Weeks later at recess we saw something strange. A man in worn clothing shuffled down 39th street. A girl said, “There goes a hobo,” and some of us ran to the fence to get a better look. He paused, turned slowly to us. He had wet eyes, a whiskery face, and a deep, bronchial cough. One of the boys said, “Hey, hobo,” but the man didn’t answer. His blear eyes fixed on something—Sister Ignatius coming from behind us, walking fast, beads clattering. We scattered but she ignored us, reached the fence and spoke to the man. Judy was close enough to hear her tell him there would be a plate for him if he went around the block to the Convent door.

That afternoon in class Sister Ignatius gave us a talk. She said we wouldn’t see too many men like that in our neighborhood. They were “wayfarers,” she said, and if we saw them we were not to talk to them.
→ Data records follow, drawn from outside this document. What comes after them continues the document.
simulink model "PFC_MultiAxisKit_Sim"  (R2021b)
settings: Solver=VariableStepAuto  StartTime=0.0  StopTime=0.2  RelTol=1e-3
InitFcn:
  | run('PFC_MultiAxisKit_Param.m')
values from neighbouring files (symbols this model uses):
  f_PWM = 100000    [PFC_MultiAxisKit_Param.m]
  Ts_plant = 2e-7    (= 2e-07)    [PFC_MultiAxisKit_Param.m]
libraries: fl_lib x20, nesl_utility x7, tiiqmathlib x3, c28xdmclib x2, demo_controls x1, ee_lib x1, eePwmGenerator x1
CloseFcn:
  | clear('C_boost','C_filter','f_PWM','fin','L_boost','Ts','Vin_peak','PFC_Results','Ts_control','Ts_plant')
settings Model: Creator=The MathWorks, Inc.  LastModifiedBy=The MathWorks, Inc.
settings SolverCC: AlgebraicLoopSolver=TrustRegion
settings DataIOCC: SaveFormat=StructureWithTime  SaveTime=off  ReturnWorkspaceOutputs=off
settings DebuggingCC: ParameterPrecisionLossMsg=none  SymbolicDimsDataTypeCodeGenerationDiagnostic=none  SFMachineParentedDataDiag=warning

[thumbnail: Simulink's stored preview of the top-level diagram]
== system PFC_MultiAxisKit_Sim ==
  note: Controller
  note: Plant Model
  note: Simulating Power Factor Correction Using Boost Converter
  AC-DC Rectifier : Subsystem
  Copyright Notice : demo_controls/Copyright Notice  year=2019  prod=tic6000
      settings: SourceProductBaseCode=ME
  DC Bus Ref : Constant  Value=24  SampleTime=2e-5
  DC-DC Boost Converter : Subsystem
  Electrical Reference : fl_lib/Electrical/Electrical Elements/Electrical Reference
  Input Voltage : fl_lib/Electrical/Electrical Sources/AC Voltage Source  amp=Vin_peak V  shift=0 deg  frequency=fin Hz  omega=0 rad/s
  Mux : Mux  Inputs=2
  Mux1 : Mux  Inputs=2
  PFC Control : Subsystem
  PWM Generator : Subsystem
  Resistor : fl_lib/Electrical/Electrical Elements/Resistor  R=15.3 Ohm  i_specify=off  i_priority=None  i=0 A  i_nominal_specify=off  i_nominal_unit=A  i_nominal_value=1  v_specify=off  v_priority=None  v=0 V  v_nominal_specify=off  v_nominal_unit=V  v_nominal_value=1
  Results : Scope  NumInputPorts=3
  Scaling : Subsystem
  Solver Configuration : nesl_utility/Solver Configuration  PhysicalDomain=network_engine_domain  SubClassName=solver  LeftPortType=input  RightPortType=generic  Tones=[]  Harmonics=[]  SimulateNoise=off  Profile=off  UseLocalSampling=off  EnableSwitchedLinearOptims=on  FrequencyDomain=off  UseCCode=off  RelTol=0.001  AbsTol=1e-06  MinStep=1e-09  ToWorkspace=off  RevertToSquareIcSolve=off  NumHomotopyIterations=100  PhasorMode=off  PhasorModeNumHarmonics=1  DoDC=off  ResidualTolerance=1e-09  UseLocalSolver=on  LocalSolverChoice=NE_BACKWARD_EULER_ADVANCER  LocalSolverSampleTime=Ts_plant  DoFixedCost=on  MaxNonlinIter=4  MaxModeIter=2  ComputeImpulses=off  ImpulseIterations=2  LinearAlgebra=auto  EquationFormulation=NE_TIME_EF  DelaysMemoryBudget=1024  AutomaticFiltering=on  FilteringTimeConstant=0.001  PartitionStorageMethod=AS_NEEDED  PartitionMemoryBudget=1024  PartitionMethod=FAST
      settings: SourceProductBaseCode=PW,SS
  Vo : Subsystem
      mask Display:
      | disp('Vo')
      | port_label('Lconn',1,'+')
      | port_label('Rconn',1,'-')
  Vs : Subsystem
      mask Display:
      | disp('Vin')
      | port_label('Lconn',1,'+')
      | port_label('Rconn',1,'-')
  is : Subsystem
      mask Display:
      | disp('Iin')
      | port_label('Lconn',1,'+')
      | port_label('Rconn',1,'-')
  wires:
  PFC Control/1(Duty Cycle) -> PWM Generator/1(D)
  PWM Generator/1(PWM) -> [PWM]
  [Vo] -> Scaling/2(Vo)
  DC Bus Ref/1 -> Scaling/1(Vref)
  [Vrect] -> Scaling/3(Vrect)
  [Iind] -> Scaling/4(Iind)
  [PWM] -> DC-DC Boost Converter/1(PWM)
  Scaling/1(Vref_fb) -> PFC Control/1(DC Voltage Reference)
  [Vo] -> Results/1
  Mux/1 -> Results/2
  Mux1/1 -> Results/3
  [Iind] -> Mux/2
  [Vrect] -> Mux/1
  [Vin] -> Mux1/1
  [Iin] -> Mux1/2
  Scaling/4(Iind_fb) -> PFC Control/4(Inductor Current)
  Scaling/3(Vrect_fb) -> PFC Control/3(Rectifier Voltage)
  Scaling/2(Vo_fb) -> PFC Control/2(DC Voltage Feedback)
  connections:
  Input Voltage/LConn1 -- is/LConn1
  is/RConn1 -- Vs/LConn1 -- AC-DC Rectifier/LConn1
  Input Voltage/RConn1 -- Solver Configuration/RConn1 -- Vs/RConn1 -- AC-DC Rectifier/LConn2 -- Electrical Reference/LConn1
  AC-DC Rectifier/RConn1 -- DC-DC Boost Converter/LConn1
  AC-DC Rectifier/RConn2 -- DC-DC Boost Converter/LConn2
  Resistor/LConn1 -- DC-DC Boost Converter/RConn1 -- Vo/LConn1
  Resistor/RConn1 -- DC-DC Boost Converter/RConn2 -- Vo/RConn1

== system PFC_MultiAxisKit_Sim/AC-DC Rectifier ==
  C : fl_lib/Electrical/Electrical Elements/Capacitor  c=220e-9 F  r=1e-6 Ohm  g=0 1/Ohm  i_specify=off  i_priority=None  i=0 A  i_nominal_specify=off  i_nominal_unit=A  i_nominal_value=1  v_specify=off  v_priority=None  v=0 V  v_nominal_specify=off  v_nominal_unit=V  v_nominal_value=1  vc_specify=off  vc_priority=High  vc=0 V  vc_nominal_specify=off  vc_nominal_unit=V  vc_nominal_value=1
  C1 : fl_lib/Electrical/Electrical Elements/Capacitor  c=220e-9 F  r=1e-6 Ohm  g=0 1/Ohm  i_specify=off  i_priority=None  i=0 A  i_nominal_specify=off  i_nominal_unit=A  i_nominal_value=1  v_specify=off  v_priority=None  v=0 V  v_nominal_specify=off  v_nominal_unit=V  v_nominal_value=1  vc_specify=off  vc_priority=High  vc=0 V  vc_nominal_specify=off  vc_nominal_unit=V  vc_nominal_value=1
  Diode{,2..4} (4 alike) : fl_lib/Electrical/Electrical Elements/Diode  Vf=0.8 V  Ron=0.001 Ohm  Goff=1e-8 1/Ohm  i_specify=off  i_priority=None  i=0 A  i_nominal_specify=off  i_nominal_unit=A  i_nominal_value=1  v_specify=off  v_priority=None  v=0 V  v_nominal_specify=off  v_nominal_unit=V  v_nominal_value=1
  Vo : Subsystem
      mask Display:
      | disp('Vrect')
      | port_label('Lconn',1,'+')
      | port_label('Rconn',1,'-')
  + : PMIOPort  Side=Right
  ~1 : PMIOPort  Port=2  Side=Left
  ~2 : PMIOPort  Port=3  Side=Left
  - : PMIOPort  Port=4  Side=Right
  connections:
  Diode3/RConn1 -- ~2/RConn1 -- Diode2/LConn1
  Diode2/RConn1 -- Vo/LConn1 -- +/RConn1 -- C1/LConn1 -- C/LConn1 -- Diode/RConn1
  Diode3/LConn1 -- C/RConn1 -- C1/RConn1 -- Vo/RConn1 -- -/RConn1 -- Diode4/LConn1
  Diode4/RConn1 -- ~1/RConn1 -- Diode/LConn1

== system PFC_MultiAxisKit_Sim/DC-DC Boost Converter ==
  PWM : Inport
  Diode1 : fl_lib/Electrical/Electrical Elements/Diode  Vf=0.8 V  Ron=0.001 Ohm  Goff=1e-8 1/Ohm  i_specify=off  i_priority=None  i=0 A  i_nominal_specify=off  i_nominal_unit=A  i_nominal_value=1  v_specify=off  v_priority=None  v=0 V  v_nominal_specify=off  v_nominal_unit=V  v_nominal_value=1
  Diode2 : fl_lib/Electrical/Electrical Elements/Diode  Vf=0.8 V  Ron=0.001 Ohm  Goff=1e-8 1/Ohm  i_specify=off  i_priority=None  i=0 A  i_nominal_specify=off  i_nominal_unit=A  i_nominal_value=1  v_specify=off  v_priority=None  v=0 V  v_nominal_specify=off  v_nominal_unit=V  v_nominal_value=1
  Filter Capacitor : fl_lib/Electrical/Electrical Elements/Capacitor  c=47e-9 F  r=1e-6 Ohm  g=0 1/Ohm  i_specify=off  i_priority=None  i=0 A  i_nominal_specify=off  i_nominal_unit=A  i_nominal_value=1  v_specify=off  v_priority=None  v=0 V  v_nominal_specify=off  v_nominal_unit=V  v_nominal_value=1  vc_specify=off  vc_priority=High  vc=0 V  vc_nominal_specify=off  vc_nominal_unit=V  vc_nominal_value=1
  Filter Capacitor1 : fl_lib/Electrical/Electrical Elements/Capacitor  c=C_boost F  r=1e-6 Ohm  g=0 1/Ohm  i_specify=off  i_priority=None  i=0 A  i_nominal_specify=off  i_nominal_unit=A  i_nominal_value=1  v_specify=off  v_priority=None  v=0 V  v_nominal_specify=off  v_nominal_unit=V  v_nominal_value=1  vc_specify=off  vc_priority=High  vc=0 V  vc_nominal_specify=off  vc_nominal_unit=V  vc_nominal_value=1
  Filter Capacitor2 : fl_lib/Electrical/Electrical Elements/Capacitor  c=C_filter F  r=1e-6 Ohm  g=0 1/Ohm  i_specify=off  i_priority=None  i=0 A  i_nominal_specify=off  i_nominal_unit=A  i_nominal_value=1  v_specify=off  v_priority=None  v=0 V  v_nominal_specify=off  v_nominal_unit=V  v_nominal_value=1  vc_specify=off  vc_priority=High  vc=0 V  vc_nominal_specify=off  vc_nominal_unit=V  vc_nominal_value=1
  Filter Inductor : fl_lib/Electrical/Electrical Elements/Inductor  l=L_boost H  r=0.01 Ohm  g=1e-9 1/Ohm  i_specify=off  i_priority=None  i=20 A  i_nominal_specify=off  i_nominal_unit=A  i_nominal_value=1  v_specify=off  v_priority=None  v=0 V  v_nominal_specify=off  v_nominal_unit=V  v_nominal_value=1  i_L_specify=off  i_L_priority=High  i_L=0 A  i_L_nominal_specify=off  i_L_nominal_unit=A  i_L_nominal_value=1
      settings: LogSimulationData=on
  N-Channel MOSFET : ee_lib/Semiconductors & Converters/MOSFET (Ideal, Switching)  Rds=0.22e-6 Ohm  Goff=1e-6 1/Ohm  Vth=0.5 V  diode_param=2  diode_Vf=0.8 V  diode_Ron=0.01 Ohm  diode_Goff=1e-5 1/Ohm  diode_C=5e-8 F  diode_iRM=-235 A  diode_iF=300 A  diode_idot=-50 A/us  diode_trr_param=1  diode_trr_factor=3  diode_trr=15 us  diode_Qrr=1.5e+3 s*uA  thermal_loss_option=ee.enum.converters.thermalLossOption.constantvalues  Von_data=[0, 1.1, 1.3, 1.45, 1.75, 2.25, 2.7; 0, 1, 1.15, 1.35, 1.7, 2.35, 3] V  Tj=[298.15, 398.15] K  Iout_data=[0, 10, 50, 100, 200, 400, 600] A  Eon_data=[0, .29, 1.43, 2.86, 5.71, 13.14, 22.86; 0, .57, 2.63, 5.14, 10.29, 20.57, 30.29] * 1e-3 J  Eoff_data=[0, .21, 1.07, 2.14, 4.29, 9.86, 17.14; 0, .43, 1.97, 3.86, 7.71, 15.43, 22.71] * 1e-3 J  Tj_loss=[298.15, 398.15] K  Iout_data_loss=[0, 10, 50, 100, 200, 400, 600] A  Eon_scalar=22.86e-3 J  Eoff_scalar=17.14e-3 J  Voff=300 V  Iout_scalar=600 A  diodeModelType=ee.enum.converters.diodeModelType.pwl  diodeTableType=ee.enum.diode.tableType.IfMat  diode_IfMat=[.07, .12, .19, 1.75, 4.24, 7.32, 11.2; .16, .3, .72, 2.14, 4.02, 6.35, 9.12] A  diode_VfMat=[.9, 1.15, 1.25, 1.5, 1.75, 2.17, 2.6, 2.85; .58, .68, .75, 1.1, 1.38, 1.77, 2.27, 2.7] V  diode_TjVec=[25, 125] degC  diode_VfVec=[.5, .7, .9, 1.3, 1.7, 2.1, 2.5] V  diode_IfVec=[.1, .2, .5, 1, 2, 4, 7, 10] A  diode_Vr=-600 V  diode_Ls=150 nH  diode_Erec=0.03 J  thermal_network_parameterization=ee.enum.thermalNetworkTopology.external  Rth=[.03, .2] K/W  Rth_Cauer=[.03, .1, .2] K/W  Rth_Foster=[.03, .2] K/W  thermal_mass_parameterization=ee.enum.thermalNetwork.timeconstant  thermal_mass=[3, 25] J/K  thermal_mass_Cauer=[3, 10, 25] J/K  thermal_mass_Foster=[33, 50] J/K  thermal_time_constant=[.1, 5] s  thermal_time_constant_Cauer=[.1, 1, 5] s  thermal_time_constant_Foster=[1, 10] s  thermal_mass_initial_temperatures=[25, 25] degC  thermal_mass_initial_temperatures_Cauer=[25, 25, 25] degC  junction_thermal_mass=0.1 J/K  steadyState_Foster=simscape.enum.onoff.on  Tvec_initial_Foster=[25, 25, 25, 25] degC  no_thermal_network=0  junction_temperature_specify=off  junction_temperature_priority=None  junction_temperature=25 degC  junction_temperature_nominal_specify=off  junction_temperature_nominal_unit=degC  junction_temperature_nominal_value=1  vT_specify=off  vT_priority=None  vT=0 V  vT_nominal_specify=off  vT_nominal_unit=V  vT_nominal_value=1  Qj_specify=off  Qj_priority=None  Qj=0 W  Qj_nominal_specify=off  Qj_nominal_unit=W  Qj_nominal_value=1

But if we saw a wayfarer when we were grown up, we were to say to ourselves, that man is my brother, and we were not to condemn, we were to help him. She said, “And if a woman is a wayfarer, and fallen away, the same thing. She is your sister.” I didn’t know what “fallen away” meant but assumed it referred to a lady hobo, an unthinkable thing, until lately, until the third grade, until I glanced back at the now gender-neutral Seat of Shame. That weekend my mother told me that one of her friends in the Mother’s Club said that Sister Ignatius and another sister with a driver’s license drove the hobo to Mercy Hospital where he was given medicine for his cough. She also said, laughing again, that Sister Ignatius was in her fifties, not so old at all, and would be around for a long time. Dismal news, this. But on Open House night Sister Ignatius met my parents, told them I was capable in Arithmetic when I paid attention, and was good in English and Spelling. She didn’t tell them I talked in line and passed notes and was the first girl ever to occupy the Seat of Shame.

This was a long time ago. I have long since parted with the Church. Sometimes there’s a sign on the lawn at Sacred Heart: Catholics Come Home. But they don’t mean me: an unbeliever, and a pro-choice feminist. Nevertheless, I remember clearly, and warmly, those early years in school. I see the Wall Street corporatists who capsized our economy getting away with it, held to no accounting at all, and I think we need Sister Superior to swoop down on them and remind them about the Seventh Commandment.  A developer put up a three-story building that robbed me of back yard privacy and view; he needs to hear from Sister Monica that the view belongs to everyone. Then there are the wayfarers, more of them these days than usual for our area. One is a woman who sleeps on the side steps of the Methodist Church on J. She doesn’t panhandle for drugs or booze, and I don’t know the history of her hard life, or from what she has “fallen away.” She doesn’t want interference, or conversation. But I will help her if I can because I understand that she is my sister.

These aren’t the best of times, even for the relatively privileged. The economy limps, horrific shooting massacres occur and both presidential candidates tremble before the gun lobby, our city halts vital services yet spends half a million dollars to “study” an arena the public has voted down—leadership seems to fail at every turn. Sometimes I feel myself slipping into that defeated, intellectually easy cynicism. But then a bunch of nuns get on a bus.

It’s risky, high-profile moral lobbying. Not everyone approves. The Vatican and several bishops rebuked them for straying from doctrinal subservience. But the nuns pressed on, advocating for the people who have few advocates, the people who sleep on the steps. This is rectitude, alive and thriving. Right on, sisters.